A closer view of Milwaukee Hiawatha #1 with a direct view of Rosco's Engine Repair Shop.The Locomotive Maintenance Building is directly behind Rosco's Engine Repair.


----------



## tjcruiser (Jan 10, 2010)

Bob,

Fabulous looking Hiawatha in a fabulous looking setting!!! Very nice landscaping / structures work, etc.

TJ


----------



## powersteamguy1790 (Mar 26, 2012)

tjcruiser said:


> Bob,
> 
> Fabulous looking Hiawatha in a fabulous looking setting!!! Very nice landscaping / structures work, etc.
> 
> TJ


Thanks TJ. This is part of the right turnaround area (50"x50") on the right side of the "new" JJJ&E. The layout is an inverted "U" shape in a train room 21x12'. The layout which is still a work in progress is starting its fourth year this past March.
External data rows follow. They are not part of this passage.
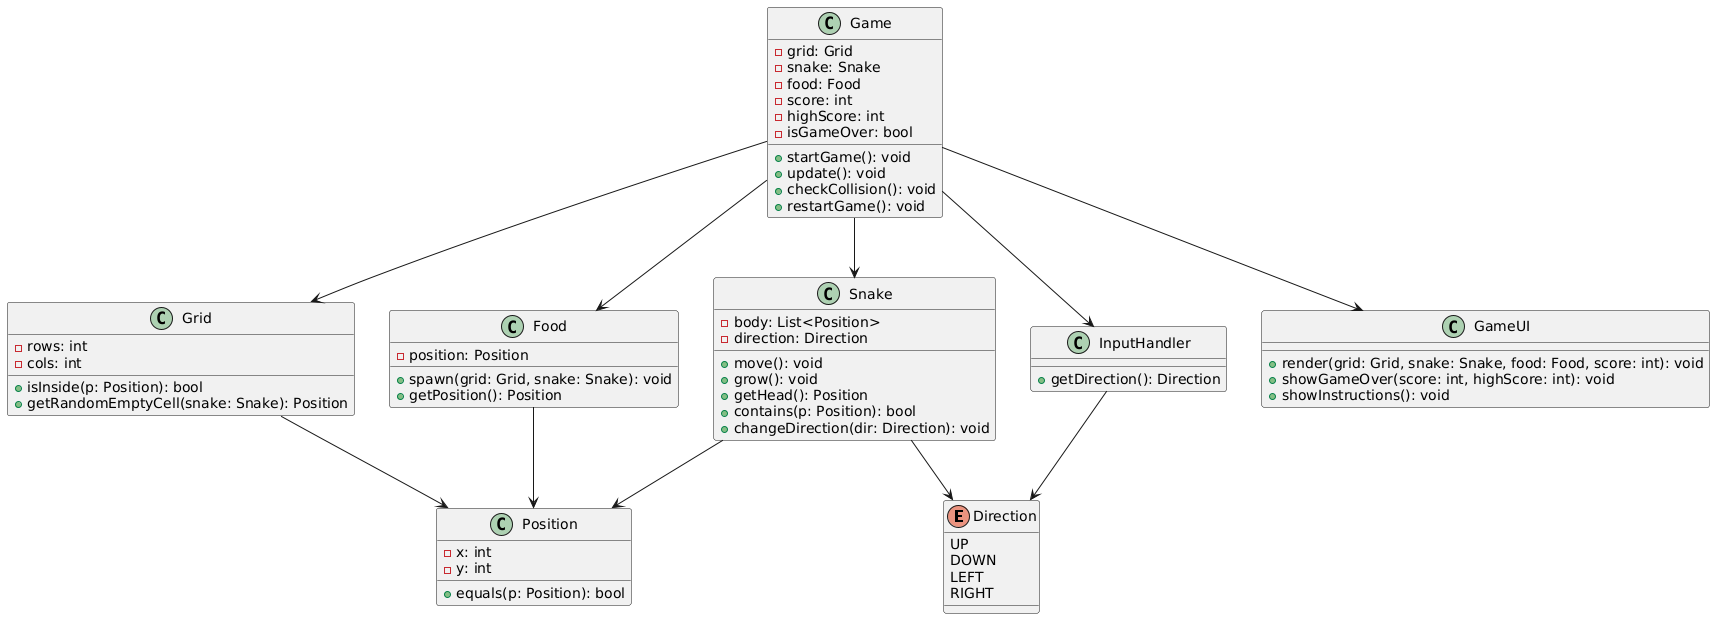

The diagram above was rendered by PlantUML. Its source (embedded in the PNG):
@startuml
' Enum for Direction
enum Direction {
    UP
    DOWN
    LEFT
    RIGHT
}

class Position {
    - x: int
    - y: int
    + equals(p: Position): bool
}

class Grid {
    - rows: int
    - cols: int
    + isInside(p: Position): bool
    + getRandomEmptyCell(snake: Snake): Position
}

class Snake {
    - body: List<Position>
    - direction: Direction
    + move(): void
    + grow(): void
    + getHead(): Position
    + contains(p: Position): bool
    + changeDirection(dir: Direction): void
}

class Food {
    - position: Position
    + spawn(grid: Grid, snake: Snake): void
    + getPosition(): Position
}

class InputHandler {
    + getDirection(): Direction
}

class GameUI {
    + render(grid: Grid, snake: Snake, food: Food, score: int): void
    + showGameOver(score: int, highScore: int): void
    + showInstructions(): void
}

class Game {
    - grid: Grid
    - snake: Snake
    - food: Food
    - score: int
    - highScore: int
    - isGameOver: bool
    + startGame(): void
    + update(): void
    + checkCollision(): void
    + restartGame(): void
}

' Relationships
Game --> Grid
Game --> Snake
Game --> Food
Game --> GameUI
Game --> InputHandler
Snake --> Position
Food --> Position
Grid --> Position
InputHandler --> Direction
Snake --> Direction
@enduml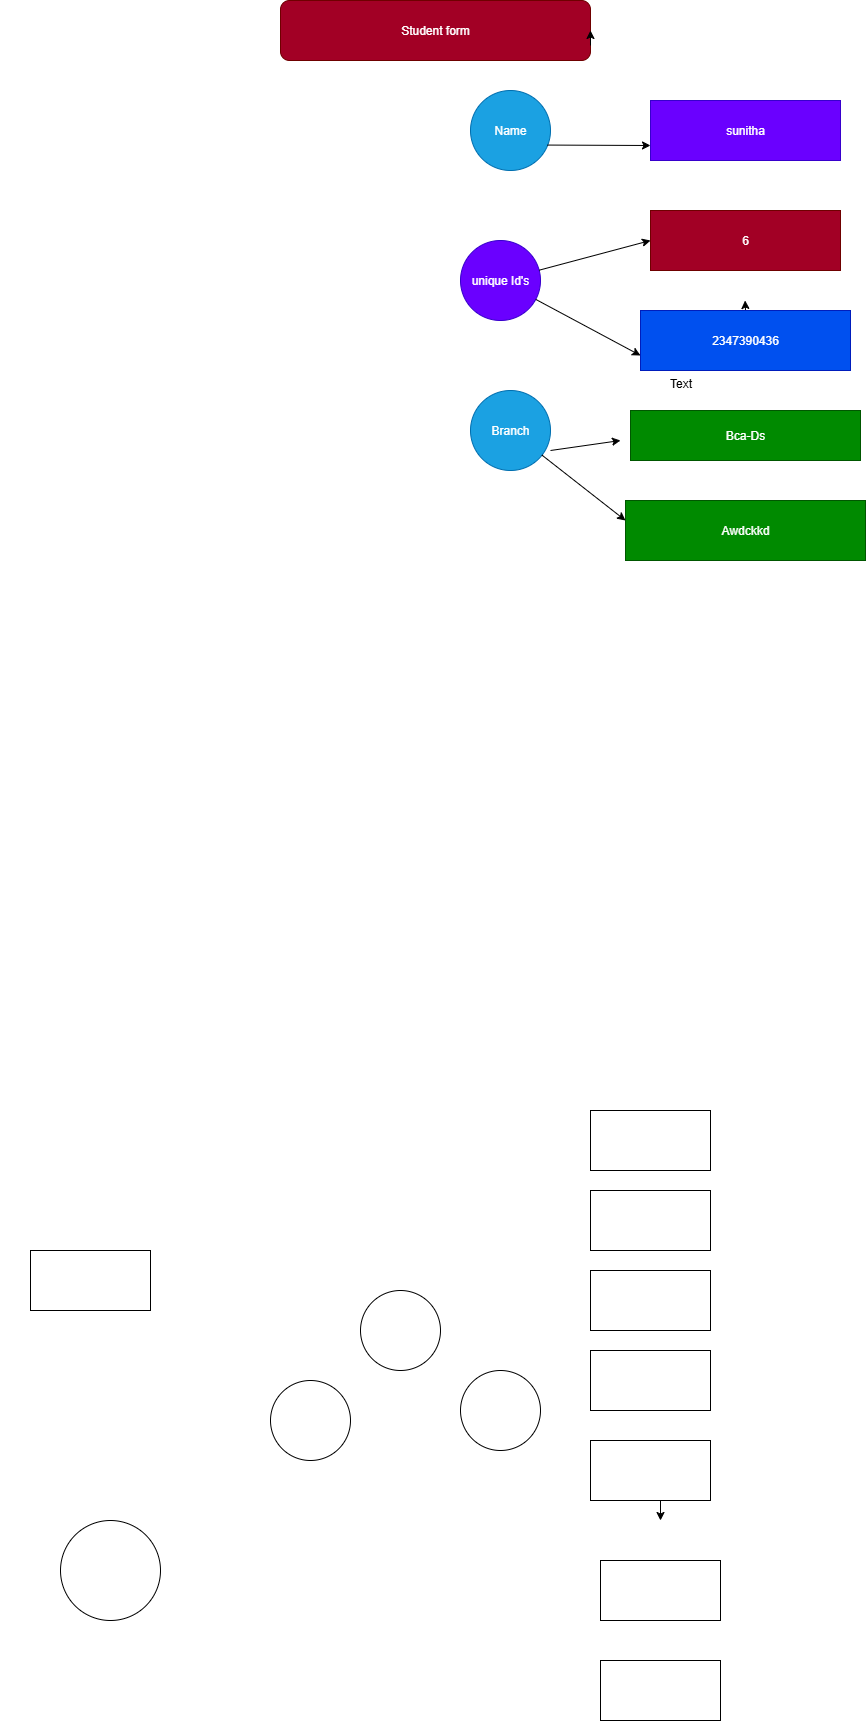

The diagram above was exported from draw.io. Its source (the exported page's mxGraphModel, read from the mxfile embedded in the PNG):
<mxGraphModel dx="1226" dy="1761" grid="1" gridSize="10" guides="1" tooltips="1" connect="1" arrows="1" fold="1" page="1" pageScale="1" pageWidth="850" pageHeight="1100" math="0" shadow="0">
  <root>
    <mxCell id="0" />
    <mxCell id="1" parent="0" />
    <mxCell id="KDm-PrwMQcc9FlcZUS3S-3" value="" style="rounded=0;whiteSpace=wrap;html=1;" vertex="1" parent="1">
      <mxGeometry x="30" y="170" width="120" height="60" as="geometry" />
    </mxCell>
    <mxCell id="KDm-PrwMQcc9FlcZUS3S-6" value="" style="ellipse;whiteSpace=wrap;html=1;aspect=fixed;" vertex="1" parent="1">
      <mxGeometry x="340" y="260" as="geometry" />
    </mxCell>
    <mxCell id="KDm-PrwMQcc9FlcZUS3S-7" value="" style="ellipse;whiteSpace=wrap;html=1;aspect=fixed;" vertex="1" parent="1">
      <mxGeometry x="270" y="300" width="80" height="80" as="geometry" />
    </mxCell>
    <mxCell id="KDm-PrwMQcc9FlcZUS3S-15" value="" style="ellipse;whiteSpace=wrap;html=1;aspect=fixed;" vertex="1" parent="1">
      <mxGeometry x="460" y="290" width="80" height="80" as="geometry" />
    </mxCell>
    <mxCell id="KDm-PrwMQcc9FlcZUS3S-21" value="" style="ellipse;whiteSpace=wrap;html=1;aspect=fixed;" vertex="1" parent="1">
      <mxGeometry x="NaN" y="NaN" width="180" height="NaN" as="geometry" />
    </mxCell>
    <mxCell id="KDm-PrwMQcc9FlcZUS3S-23" value="" style="ellipse;whiteSpace=wrap;html=1;aspect=fixed;" vertex="1" parent="1">
      <mxGeometry x="360" y="210" width="80" height="80" as="geometry" />
    </mxCell>
    <mxCell id="KDm-PrwMQcc9FlcZUS3S-29" value="" style="ellipse;whiteSpace=wrap;html=1;aspect=fixed;" vertex="1" parent="1">
      <mxGeometry x="60" y="440" width="100" height="100" as="geometry" />
    </mxCell>
    <mxCell id="KDm-PrwMQcc9FlcZUS3S-34" value="" style="rounded=0;whiteSpace=wrap;html=1;" vertex="1" parent="1">
      <mxGeometry x="600" y="580" width="120" height="60" as="geometry" />
    </mxCell>
    <mxCell id="KDm-PrwMQcc9FlcZUS3S-44" style="edgeStyle=orthogonalEdgeStyle;rounded=0;orthogonalLoop=1;jettySize=auto;html=1;exitX=0.5;exitY=1;exitDx=0;exitDy=0;" edge="1" parent="1" source="KDm-PrwMQcc9FlcZUS3S-36">
      <mxGeometry relative="1" as="geometry">
        <mxPoint x="660" y="440" as="targetPoint" />
      </mxGeometry>
    </mxCell>
    <mxCell id="KDm-PrwMQcc9FlcZUS3S-36" value="" style="rounded=0;whiteSpace=wrap;html=1;" vertex="1" parent="1">
      <mxGeometry x="590" y="360" width="120" height="60" as="geometry" />
    </mxCell>
    <mxCell id="KDm-PrwMQcc9FlcZUS3S-37" value="" style="rounded=0;whiteSpace=wrap;html=1;" vertex="1" parent="1">
      <mxGeometry x="590" y="30" width="120" height="60" as="geometry" />
    </mxCell>
    <mxCell id="KDm-PrwMQcc9FlcZUS3S-38" value="" style="rounded=0;whiteSpace=wrap;html=1;" vertex="1" parent="1">
      <mxGeometry x="590" y="110" width="120" height="60" as="geometry" />
    </mxCell>
    <mxCell id="KDm-PrwMQcc9FlcZUS3S-40" value="" style="rounded=0;whiteSpace=wrap;html=1;" vertex="1" parent="1">
      <mxGeometry x="590" y="190" width="120" height="60" as="geometry" />
    </mxCell>
    <mxCell id="KDm-PrwMQcc9FlcZUS3S-41" value="" style="rounded=0;whiteSpace=wrap;html=1;" vertex="1" parent="1">
      <mxGeometry x="590" y="270" width="120" height="60" as="geometry" />
    </mxCell>
    <mxCell id="KDm-PrwMQcc9FlcZUS3S-43" value="" style="rounded=0;whiteSpace=wrap;html=1;" vertex="1" parent="1">
      <mxGeometry x="600" y="480" width="120" height="60" as="geometry" />
    </mxCell>
    <mxCell id="KDm-PrwMQcc9FlcZUS3S-47" value="Student form" style="rounded=1;whiteSpace=wrap;html=1;fillColor=#a20025;fontColor=#ffffff;strokeColor=#6F0000;" vertex="1" parent="1">
      <mxGeometry x="280" y="-1080" width="310" height="60" as="geometry" />
    </mxCell>
    <mxCell id="KDm-PrwMQcc9FlcZUS3S-48" style="edgeStyle=orthogonalEdgeStyle;rounded=0;orthogonalLoop=1;jettySize=auto;html=1;exitX=1;exitY=0.75;exitDx=0;exitDy=0;entryX=1;entryY=0.5;entryDx=0;entryDy=0;" edge="1" parent="1" source="KDm-PrwMQcc9FlcZUS3S-47" target="KDm-PrwMQcc9FlcZUS3S-47">
      <mxGeometry relative="1" as="geometry" />
    </mxCell>
    <mxCell id="KDm-PrwMQcc9FlcZUS3S-51" value="sunitha" style="rounded=0;whiteSpace=wrap;html=1;fillColor=#6a00ff;fontColor=#ffffff;strokeColor=#3700CC;" vertex="1" parent="1">
      <mxGeometry x="650" y="-980" width="190" height="60" as="geometry" />
    </mxCell>
    <mxCell id="KDm-PrwMQcc9FlcZUS3S-52" value="6" style="rounded=0;whiteSpace=wrap;html=1;fillColor=#a20025;fontColor=#ffffff;strokeColor=#6F0000;" vertex="1" parent="1">
      <mxGeometry x="650" y="-870" width="190" height="60" as="geometry" />
    </mxCell>
    <mxCell id="KDm-PrwMQcc9FlcZUS3S-82" style="edgeStyle=orthogonalEdgeStyle;rounded=0;orthogonalLoop=1;jettySize=auto;html=1;exitX=0.5;exitY=0;exitDx=0;exitDy=0;" edge="1" parent="1" source="KDm-PrwMQcc9FlcZUS3S-53">
      <mxGeometry relative="1" as="geometry">
        <mxPoint x="744.5882352941178" y="-780" as="targetPoint" />
      </mxGeometry>
    </mxCell>
    <mxCell id="KDm-PrwMQcc9FlcZUS3S-53" value="2347390436" style="rounded=0;whiteSpace=wrap;html=1;fillColor=#0050ef;fontColor=#ffffff;strokeColor=#001DBC;" vertex="1" parent="1">
      <mxGeometry x="640" y="-770" width="210" height="60" as="geometry" />
    </mxCell>
    <mxCell id="KDm-PrwMQcc9FlcZUS3S-56" value="Name" style="ellipse;whiteSpace=wrap;html=1;aspect=fixed;fillColor=#1ba1e2;fontColor=#ffffff;strokeColor=#006EAF;" vertex="1" parent="1">
      <mxGeometry x="470" y="-990" width="80" height="80" as="geometry" />
    </mxCell>
    <mxCell id="KDm-PrwMQcc9FlcZUS3S-60" value="unique Id's" style="ellipse;whiteSpace=wrap;html=1;aspect=fixed;fillColor=#6a00ff;fontColor=#ffffff;strokeColor=#3700CC;" vertex="1" parent="1">
      <mxGeometry x="460" y="-840" width="80" height="80" as="geometry" />
    </mxCell>
    <mxCell id="KDm-PrwMQcc9FlcZUS3S-69" value="" style="endArrow=classic;html=1;rounded=0;entryX=0;entryY=0.75;entryDx=0;entryDy=0;" edge="1" parent="1" source="KDm-PrwMQcc9FlcZUS3S-60" target="KDm-PrwMQcc9FlcZUS3S-53">
      <mxGeometry width="50" height="50" relative="1" as="geometry">
        <mxPoint x="550" y="-660" as="sourcePoint" />
        <mxPoint x="600" y="-710" as="targetPoint" />
      </mxGeometry>
    </mxCell>
    <mxCell id="KDm-PrwMQcc9FlcZUS3S-73" value="" style="endArrow=classic;html=1;rounded=0;" edge="1" parent="1" source="KDm-PrwMQcc9FlcZUS3S-60">
      <mxGeometry width="50" height="50" relative="1" as="geometry">
        <mxPoint x="600" y="-790" as="sourcePoint" />
        <mxPoint x="650" y="-840" as="targetPoint" />
      </mxGeometry>
    </mxCell>
    <mxCell id="KDm-PrwMQcc9FlcZUS3S-74" value="Bca-Ds" style="rounded=0;whiteSpace=wrap;html=1;fillColor=#008a00;fontColor=#ffffff;strokeColor=#005700;" vertex="1" parent="1">
      <mxGeometry x="630" y="-670" width="230" height="50" as="geometry" />
    </mxCell>
    <mxCell id="KDm-PrwMQcc9FlcZUS3S-75" value="Awdckkd" style="rounded=0;whiteSpace=wrap;html=1;fillColor=#008a00;fontColor=#ffffff;strokeColor=#005700;" vertex="1" parent="1">
      <mxGeometry x="625" y="-580" width="240" height="60" as="geometry" />
    </mxCell>
    <mxCell id="KDm-PrwMQcc9FlcZUS3S-83" value="" style="endArrow=classic;html=1;rounded=0;exitX=0.96;exitY=0.682;exitDx=0;exitDy=0;exitPerimeter=0;entryX=0;entryY=0.75;entryDx=0;entryDy=0;" edge="1" parent="1" source="KDm-PrwMQcc9FlcZUS3S-56" target="KDm-PrwMQcc9FlcZUS3S-51">
      <mxGeometry width="50" height="50" relative="1" as="geometry">
        <mxPoint x="550" y="-900" as="sourcePoint" />
        <mxPoint x="600" y="-950" as="targetPoint" />
      </mxGeometry>
    </mxCell>
    <mxCell id="KDm-PrwMQcc9FlcZUS3S-85" value="Text" style="text;html=1;align=center;verticalAlign=middle;resizable=0;points=[];autosize=1;strokeColor=none;fillColor=none;" vertex="1" parent="1">
      <mxGeometry x="655" y="-712" width="50" height="30" as="geometry" />
    </mxCell>
    <mxCell id="KDm-PrwMQcc9FlcZUS3S-86" value="Branch" style="ellipse;whiteSpace=wrap;html=1;aspect=fixed;fillColor=#1ba1e2;fontColor=#ffffff;strokeColor=#006EAF;" vertex="1" parent="1">
      <mxGeometry x="470" y="-690" width="80" height="80" as="geometry" />
    </mxCell>
    <mxCell id="KDm-PrwMQcc9FlcZUS3S-87" value="" style="endArrow=classic;html=1;rounded=0;exitX=1;exitY=0.75;exitDx=0;exitDy=0;exitPerimeter=0;" edge="1" parent="1" source="KDm-PrwMQcc9FlcZUS3S-86">
      <mxGeometry width="50" height="50" relative="1" as="geometry">
        <mxPoint x="550" y="-620" as="sourcePoint" />
        <mxPoint x="620" y="-640" as="targetPoint" />
      </mxGeometry>
    </mxCell>
    <mxCell id="KDm-PrwMQcc9FlcZUS3S-89" value="" style="endArrow=classic;html=1;rounded=0;" edge="1" parent="1" source="KDm-PrwMQcc9FlcZUS3S-86">
      <mxGeometry width="50" height="50" relative="1" as="geometry">
        <mxPoint x="575" y="-510" as="sourcePoint" />
        <mxPoint x="625" y="-560" as="targetPoint" />
      </mxGeometry>
    </mxCell>
  </root>
</mxGraphModel>

The bench work is 30 inches wide except in the two turnaround areas of the layout which are each 50x50". It's a large around the room N scale layout. The radii in the turnaround areas are 23-24 inches and the rest of the layout has 28 1/4- 30 inch radii. I model the steam transition era.


----------



## New Berlin RR (Feb 11, 2012)

does anyone know if the Fox Vally boxcars are metal? or where I could get all metal cars for HO trains?


----------



## Carl (Feb 19, 2012)

Fox Valley Models make excellent items for model railroading.......detail is great.


----------



## JohnAP (May 4, 2011)

*Fox Valley ES 44 AC*

Here's a pic of my N scale Fox Valley Models ES 44 AC. Not a very good one, camera phone pic. It's a lot nicer in person. I put a Digitrax DZ -125-IN in her and she purrrrrrrrs right along!


----------